It was very quiet on Ben Nevis today. I was out with Arran, who had yet to experience winter climbing on ‘the Ben’, so today we rectified that by climbing the brilliant Castle Ridge. The track up to the top car park had turned to slush, so even with winter tyres, we couldn’t quite make it to the top car park, and with tonight’s freezing levels dropping, it will be fun and games on the track tomorrow.
Anyway, back to the interesting stuff. So as to minimise the risk of being caught by anything sliding out of either of the Castle Gullies, we made our way across from the foot of Carn Dearg Buttress, which also enabled Arran to catch a glimpse of some of the other cliffs on the north face. The deep snow on the route was starting to soften lower down, in many instances making progress a bit easier, with the wetter snow giving a bit more resistance when stepped on. A good freeze should really help, which should happen overnight.

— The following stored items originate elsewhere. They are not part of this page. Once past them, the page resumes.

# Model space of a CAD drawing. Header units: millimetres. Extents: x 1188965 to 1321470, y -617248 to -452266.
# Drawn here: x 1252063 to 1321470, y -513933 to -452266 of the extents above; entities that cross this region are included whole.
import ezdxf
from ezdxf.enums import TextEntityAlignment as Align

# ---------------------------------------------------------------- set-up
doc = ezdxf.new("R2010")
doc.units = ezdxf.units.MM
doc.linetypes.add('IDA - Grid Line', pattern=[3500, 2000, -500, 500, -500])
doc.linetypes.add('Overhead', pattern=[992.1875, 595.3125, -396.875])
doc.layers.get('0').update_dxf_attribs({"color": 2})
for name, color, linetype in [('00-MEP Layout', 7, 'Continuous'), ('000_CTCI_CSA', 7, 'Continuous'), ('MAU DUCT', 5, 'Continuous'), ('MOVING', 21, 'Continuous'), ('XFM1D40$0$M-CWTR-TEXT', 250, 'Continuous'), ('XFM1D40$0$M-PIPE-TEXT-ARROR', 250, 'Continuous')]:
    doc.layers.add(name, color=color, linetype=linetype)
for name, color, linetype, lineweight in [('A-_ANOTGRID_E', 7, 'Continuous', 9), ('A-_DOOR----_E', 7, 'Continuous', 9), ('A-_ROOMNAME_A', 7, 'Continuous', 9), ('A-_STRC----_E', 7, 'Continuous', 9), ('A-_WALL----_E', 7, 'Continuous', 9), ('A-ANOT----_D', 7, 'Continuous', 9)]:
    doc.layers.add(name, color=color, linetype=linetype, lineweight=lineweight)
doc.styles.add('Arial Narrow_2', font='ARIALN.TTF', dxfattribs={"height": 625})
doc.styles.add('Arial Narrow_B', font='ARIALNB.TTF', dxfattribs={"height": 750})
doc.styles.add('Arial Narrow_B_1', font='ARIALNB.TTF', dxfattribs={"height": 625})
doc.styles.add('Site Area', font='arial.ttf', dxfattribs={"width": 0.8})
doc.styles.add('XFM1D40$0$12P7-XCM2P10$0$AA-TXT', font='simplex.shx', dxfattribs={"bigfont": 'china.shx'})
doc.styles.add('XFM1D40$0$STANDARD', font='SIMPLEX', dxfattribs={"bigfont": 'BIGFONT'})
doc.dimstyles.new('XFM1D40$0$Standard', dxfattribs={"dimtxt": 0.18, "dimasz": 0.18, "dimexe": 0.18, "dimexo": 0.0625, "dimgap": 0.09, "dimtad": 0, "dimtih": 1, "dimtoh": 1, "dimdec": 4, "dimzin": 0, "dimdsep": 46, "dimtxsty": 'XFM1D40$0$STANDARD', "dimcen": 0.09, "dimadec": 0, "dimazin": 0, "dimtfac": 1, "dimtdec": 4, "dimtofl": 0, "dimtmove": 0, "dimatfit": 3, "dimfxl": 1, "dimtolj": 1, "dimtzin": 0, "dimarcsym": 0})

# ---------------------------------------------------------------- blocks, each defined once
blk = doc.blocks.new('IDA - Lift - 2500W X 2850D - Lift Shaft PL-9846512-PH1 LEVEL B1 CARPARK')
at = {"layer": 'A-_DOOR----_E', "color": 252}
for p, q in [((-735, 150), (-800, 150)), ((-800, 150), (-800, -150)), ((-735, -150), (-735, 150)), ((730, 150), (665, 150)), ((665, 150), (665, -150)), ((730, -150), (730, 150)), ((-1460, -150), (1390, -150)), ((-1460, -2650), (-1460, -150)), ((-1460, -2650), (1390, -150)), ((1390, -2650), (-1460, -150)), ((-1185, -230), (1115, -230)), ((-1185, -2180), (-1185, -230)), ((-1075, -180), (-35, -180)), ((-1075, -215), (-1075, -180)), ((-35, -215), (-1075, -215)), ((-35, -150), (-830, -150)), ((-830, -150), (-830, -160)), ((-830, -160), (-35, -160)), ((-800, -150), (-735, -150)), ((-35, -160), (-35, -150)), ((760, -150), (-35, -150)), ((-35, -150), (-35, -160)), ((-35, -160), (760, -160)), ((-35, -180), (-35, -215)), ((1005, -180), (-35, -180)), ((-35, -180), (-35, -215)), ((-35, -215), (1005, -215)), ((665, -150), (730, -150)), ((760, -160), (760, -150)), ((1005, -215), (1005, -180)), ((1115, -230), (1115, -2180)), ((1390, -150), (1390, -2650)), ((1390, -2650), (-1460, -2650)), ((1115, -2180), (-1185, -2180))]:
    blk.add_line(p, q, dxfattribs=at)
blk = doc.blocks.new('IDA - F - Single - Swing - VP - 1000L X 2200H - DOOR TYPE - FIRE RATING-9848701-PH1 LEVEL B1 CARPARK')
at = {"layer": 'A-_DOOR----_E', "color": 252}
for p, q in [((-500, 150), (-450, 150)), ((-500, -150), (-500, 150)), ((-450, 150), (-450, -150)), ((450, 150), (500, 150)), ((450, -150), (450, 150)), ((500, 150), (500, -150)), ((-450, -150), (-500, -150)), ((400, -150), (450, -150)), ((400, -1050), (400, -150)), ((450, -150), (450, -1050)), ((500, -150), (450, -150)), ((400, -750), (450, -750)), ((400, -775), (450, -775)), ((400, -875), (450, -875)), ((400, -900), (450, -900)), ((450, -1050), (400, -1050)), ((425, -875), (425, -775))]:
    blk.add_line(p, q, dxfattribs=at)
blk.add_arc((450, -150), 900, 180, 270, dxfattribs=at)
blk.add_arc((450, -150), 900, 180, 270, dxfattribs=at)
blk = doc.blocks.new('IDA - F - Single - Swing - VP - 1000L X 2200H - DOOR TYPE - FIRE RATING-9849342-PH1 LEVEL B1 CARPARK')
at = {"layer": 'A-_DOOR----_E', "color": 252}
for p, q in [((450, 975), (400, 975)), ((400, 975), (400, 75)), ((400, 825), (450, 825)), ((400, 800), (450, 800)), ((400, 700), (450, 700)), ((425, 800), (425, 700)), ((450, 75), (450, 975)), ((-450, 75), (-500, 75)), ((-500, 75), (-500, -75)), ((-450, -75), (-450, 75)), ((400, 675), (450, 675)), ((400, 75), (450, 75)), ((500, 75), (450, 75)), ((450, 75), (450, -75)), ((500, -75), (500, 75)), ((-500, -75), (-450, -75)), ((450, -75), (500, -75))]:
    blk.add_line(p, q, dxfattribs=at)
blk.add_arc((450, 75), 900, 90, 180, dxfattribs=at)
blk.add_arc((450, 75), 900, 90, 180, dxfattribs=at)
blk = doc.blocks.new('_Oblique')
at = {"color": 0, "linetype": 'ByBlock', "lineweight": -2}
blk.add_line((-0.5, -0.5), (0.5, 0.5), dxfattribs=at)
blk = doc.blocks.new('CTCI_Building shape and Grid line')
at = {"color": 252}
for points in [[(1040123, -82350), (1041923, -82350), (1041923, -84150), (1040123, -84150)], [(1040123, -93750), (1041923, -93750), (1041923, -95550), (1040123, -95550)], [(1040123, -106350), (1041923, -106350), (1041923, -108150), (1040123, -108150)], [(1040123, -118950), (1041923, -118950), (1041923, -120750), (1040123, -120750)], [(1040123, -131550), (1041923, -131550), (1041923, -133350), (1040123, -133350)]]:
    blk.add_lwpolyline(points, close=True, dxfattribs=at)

Arran did well, and cruised his way up, whilst we looked at keeping thing slick but safe enough. The crux high up, which is quite out of character to the rest of the route, and in a sensational position, gave Arran a good challenge, which he coped well with. So, that was Arran’s first foray on one of the finest winter climbing venues in the UK.
Going back to Saturday, it turns out that the brave and clearly hardy team did climb Point 5 Gully, and reported that whilst the ice wasn’t fat, it was in reasonable condition. Sometimes, you just have to stick your nose in it.
In other news… This link is well worth a read, the general gist being that high pressure should dominate over the next 2-4 weeks, which could well give us clear and cold nights, which would be nice.